Group 2 sample size quantiles:
min:	 2.71
q5:	 60.58
median:	 2087.88
q95:	 131727.5
max:	 745568.05

Group 3 sample size quantiles:
min:	 2.71
q5:	 34.02
median:	 1467.67
q95:	 131727.5
max:	 666885.7

Group 4 sample size quantiles:
min:	 2.71
q5:	 21.59
median:	 1032.89
q95:	 131727.5
max:	 6764

## Step 7: Analysis

### Conclusion
The entire test simulates two non-existing algorithms named E and P. E is an experimental algorithm that should replace P. Before P can be replaced, E must proof to be better. This is done tests. But how many tests are needed to proof E better? This entire simulation is about determine the sample size needed to proof that E is better than P.

In each test, algorithm E was deliberately given an advantage over algorithm P. The tests were divided over 10 groups. E had a small advantage in group 1 and E had a large advantage in group 10. After all tests the sample size, needed to proof that E better, was calculated. It turned out that in group 1, a ‘large’ median sample size of 2905 is needed. While in group 10, a ‘small’ median sample size of 10 is needed. This is as expected; when there isn’t much difference between algorithms, the amount of tests needed to proof one better than the other, must be ‘large’.

Two click models were tested, the random click model (RCM) and the simplified dependent click model (SDCM). Because the RCM is almost entirely random, it can’t create a big difference between E and P. The median sample size found for the RCM is 8229 which is ‘large’. The SDCM seems to create a big difference between E and P and has a median sample size of 163 which is ‘small’.

Three evaluation methods were tested, the Discounted Cumulative Gain (DCG), the Rank Biased Precision (RBP) and the Expected Reciprocal Rank (ERR).

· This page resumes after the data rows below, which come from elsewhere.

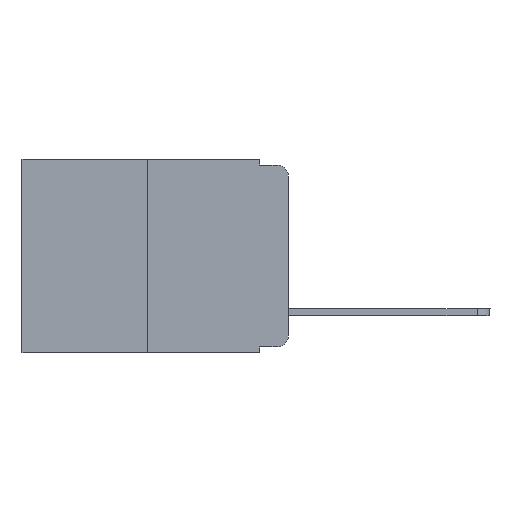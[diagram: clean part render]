
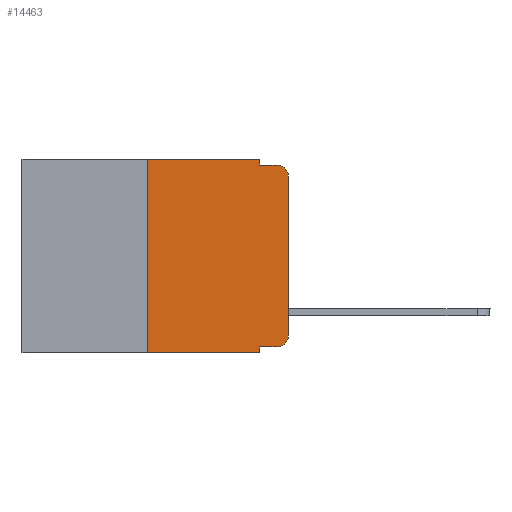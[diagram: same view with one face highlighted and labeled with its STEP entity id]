
A CAD part, left-side view. The second image highlights one B-rep face of the part: STEP entity #14463.
In plain terms, the highlighted planar face has unit normal (-1, 0, 0).
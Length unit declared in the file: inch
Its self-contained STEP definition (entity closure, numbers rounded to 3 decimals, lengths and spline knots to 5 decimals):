
#60 = CARTESIAN_POINT ( 'NONE',  ( 0., 0.473, 0. ) ) ;
#524 = CARTESIAN_POINT ( 'NONE',  ( 0., 0.473, 0. ) ) ;
#610 = VERTEX_POINT ( 'NONE', #19864 ) ;
#642 = DIRECTION ( 'NONE',  ( 1., 0., 0. ) ) ;
#721 = CARTESIAN_POINT ( 'NONE',  ( 0., 0.051, -0.333 ) ) ;
#1005 = VERTEX_POINT ( 'NONE', #15404 ) ;
#1068 = EDGE_CURVE ( 'NONE', #1005, #19128, #8716, .T. ) ;
#1447 = DIRECTION ( 'NONE',  ( 0., 0., -1. ) ) ;
#1576 = VECTOR ( 'NONE', #21596, 39.37008 ) ;
#1644 = VERTEX_POINT ( 'NONE', #15818 ) ;
#1675 = DIRECTION ( 'NONE',  ( 0., -1., 0. ) ) ;
#2053 = CARTESIAN_POINT ( 'NONE',  ( 0., 0.25, 0. ) ) ;
#2167 = ORIENTED_EDGE ( 'NONE', *, *, #7673, .T. ) ;
#2239 = FACE_OUTER_BOUND ( 'NONE', #10791, .T. ) ;
#2299 = VECTOR ( 'NONE', #14301, 39.37008 ) ;
#2526 = CARTESIAN_POINT ( 'NONE',  ( 0., 0., 0. ) ) ;
#3578 = VERTEX_POINT ( 'NONE', #12034 ) ;
#3585 = ORIENTED_EDGE ( 'NONE', *, *, #18171, .F. ) ;
#3636 = DIRECTION ( 'NONE',  ( 0., 0., 1. ) ) ;
#3692 = LINE ( 'NONE', #9570, #1576 ) ;
#4323 = CARTESIAN_POINT ( 'NONE',  ( 0., 0.02, -0.333 ) ) ;
#4709 = VERTEX_POINT ( 'NONE', #4323 ) ;
#5230 = ORIENTED_EDGE ( 'NONE', *, *, #12856, .F. ) ;
#5400 = EDGE_CURVE ( 'NONE', #20713, #4709, #19900, .T. ) ;
#6110 = ORIENTED_EDGE ( 'NONE', *, *, #13463, .T. ) ;
#6553 = CARTESIAN_POINT ( 'NONE',  ( 0., 0.02, -0.01 ) ) ;
#6573 = CARTESIAN_POINT ( 'NONE',  ( 0., 0.02, -0.313 ) ) ;
#6872 = CARTESIAN_POINT ( 'NONE',  ( 0., 0.473, -0.343 ) ) ;
#7338 = AXIS2_PLACEMENT_3D ( 'NONE', #524, #642, #21413 ) ;
#7655 = DIRECTION ( 'NONE',  ( 0., -1., 0. ) ) ;
#7673 = EDGE_CURVE ( 'NONE', #4709, #16037, #11117, .T. ) ;
#8155 = CARTESIAN_POINT ( 'NONE',  ( 0., 0.051, -0.333 ) ) ;
#8365 = EDGE_CURVE ( 'NONE', #16037, #1644, #11275, .T. ) ;
#8584 = AXIS2_PLACEMENT_3D ( 'NONE', #6573, #20423, #9884 ) ;
#8716 = LINE ( 'NONE', #10523, #19511 ) ;
#8868 = LINE ( 'NONE', #15892, #2299 ) ;
#9570 = CARTESIAN_POINT ( 'NONE',  ( 0., 0.051, 0. ) ) ;
#9599 = VECTOR ( 'NONE', #7655, 39.37008 ) ;
#9884 = DIRECTION ( 'NONE',  ( 0., 0., -1. ) ) ;
#10236 = CIRCLE ( 'NONE', #16016, 0.02 ) ;
#10484 = ORIENTED_EDGE ( 'NONE', *, *, #15731, .F. ) ;
#10523 = CARTESIAN_POINT ( 'NONE',  ( 0., 0.051, 0. ) ) ;
#10586 = VECTOR ( 'NONE', #3636, 39.37008 ) ;
#10791 = EDGE_LOOP ( 'NONE', ( #13037, #12765, #10484, #18824, #3585, #5230, #6110, #11665, #14458, #2167 ) ) ;
#11117 = CIRCLE ( 'NONE', #8584, 0.02 ) ;
#11275 = LINE ( 'NONE', #2526, #16549 ) ;
#11665 = ORIENTED_EDGE ( 'NONE', *, *, #18333, .F. ) ;
#11888 = DIRECTION ( 'NONE',  ( 0., -1., 0. ) ) ;
#12034 = CARTESIAN_POINT ( 'NONE',  ( 0., 0.25, -0.343 ) ) ;
#12765 = ORIENTED_EDGE ( 'NONE', *, *, #12934, .T. ) ;
#12856 = EDGE_CURVE ( 'NONE', #3578, #17039, #17492, .T. ) ;
#12934 = EDGE_CURVE ( 'NONE', #1644, #19289, #10236, .T. ) ;
#13037 = ORIENTED_EDGE ( 'NONE', *, *, #8365, .T. ) ;
#13353 = LINE ( 'NONE', #6872, #14179 ) ;
#13463 = EDGE_CURVE ( 'NONE', #3578, #610, #13353, .T. ) ;
#13698 = LINE ( 'NONE', #60, #17497 ) ;
#14179 = VECTOR ( 'NONE', #11888, 39.37008 ) ;
#14301 = DIRECTION ( 'NONE',  ( 0., -1., 0. ) ) ;
#14458 = ORIENTED_EDGE ( 'NONE', *, *, #5400, .T. ) ;
#14463 = ADVANCED_FACE ( 'NONE', ( #2239 ), #18022, .F. ) ;
#14862 = CARTESIAN_POINT ( 'NONE',  ( 0., 0.02, -0.03 ) ) ;
#15404 = CARTESIAN_POINT ( 'NONE',  ( 0., 0.051, 0. ) ) ;
#15731 = EDGE_CURVE ( 'NONE', #19128, #19289, #8868, .T. ) ;
#15818 = CARTESIAN_POINT ( 'NONE',  ( 0., 0., -0.03 ) ) ;
#15892 = CARTESIAN_POINT ( 'NONE',  ( 0., 0.051, -0.01 ) ) ;
#16016 = AXIS2_PLACEMENT_3D ( 'NONE', #14862, #18158, #19743 ) ;
#16037 = VERTEX_POINT ( 'NONE', #22352 ) ;
#16549 = VECTOR ( 'NONE', #17979, 39.37008 ) ;
#17039 = VERTEX_POINT ( 'NONE', #2053 ) ;
#17143 = CARTESIAN_POINT ( 'NONE',  ( 0., 0.051, -0.01 ) ) ;
#17492 = LINE ( 'NONE', #21118, #10586 ) ;
#17497 = VECTOR ( 'NONE', #1675, 39.37008 ) ;
#17979 = DIRECTION ( 'NONE',  ( 0., 0., 1. ) ) ;
#18022 = PLANE ( 'NONE',  #7338 ) ;
#18158 = DIRECTION ( 'NONE',  ( -1., 0., 0. ) ) ;
#18171 = EDGE_CURVE ( 'NONE', #17039, #1005, #13698, .T. ) ;
#18333 = EDGE_CURVE ( 'NONE', #20713, #610, #3692, .T. ) ;
#18824 = ORIENTED_EDGE ( 'NONE', *, *, #1068, .F. ) ;
#19128 = VERTEX_POINT ( 'NONE', #17143 ) ;
#19289 = VERTEX_POINT ( 'NONE', #6553 ) ;
#19511 = VECTOR ( 'NONE', #1447, 39.37008 ) ;
#19743 = DIRECTION ( 'NONE',  ( 0., 0., -1. ) ) ;
#19864 = CARTESIAN_POINT ( 'NONE',  ( 0., 0.051, -0.343 ) ) ;
#19900 = LINE ( 'NONE', #721, #9599 ) ;
#20423 = DIRECTION ( 'NONE',  ( -1., 0., 0. ) ) ;
#20713 = VERTEX_POINT ( 'NONE', #8155 ) ;
#21118 = CARTESIAN_POINT ( 'NONE',  ( 0., 0.25, 0. ) ) ;
#21413 = DIRECTION ( 'NONE',  ( 0., 0., -1. ) ) ;
#21596 = DIRECTION ( 'NONE',  ( 0., 0., -1. ) ) ;
#22352 = CARTESIAN_POINT ( 'NONE',  ( 0., 0., -0.313 ) ) ;

All three evaluation methods scored similar with a median sample size of +-1830 which is ‘average’. A good evaluation method is preferred to create big difference between algorithms so that the amount of tests needed is minimal.

### Drawback
This method is good for giving an approximate of the amount of tests needed. However, the difference between the minimum and the maximum sample size is always big. For example, in group 10, the median sample size of 10 is 'small'. But the maximum sample size is 514250 which is 'incredibly large'. This raises the question: are 10 tests really going to be sufficient?

### Alternative
Instead of determining the sample size, one could decide to start the test immediately and let it run until a statistical difference between the two algorithms have been found.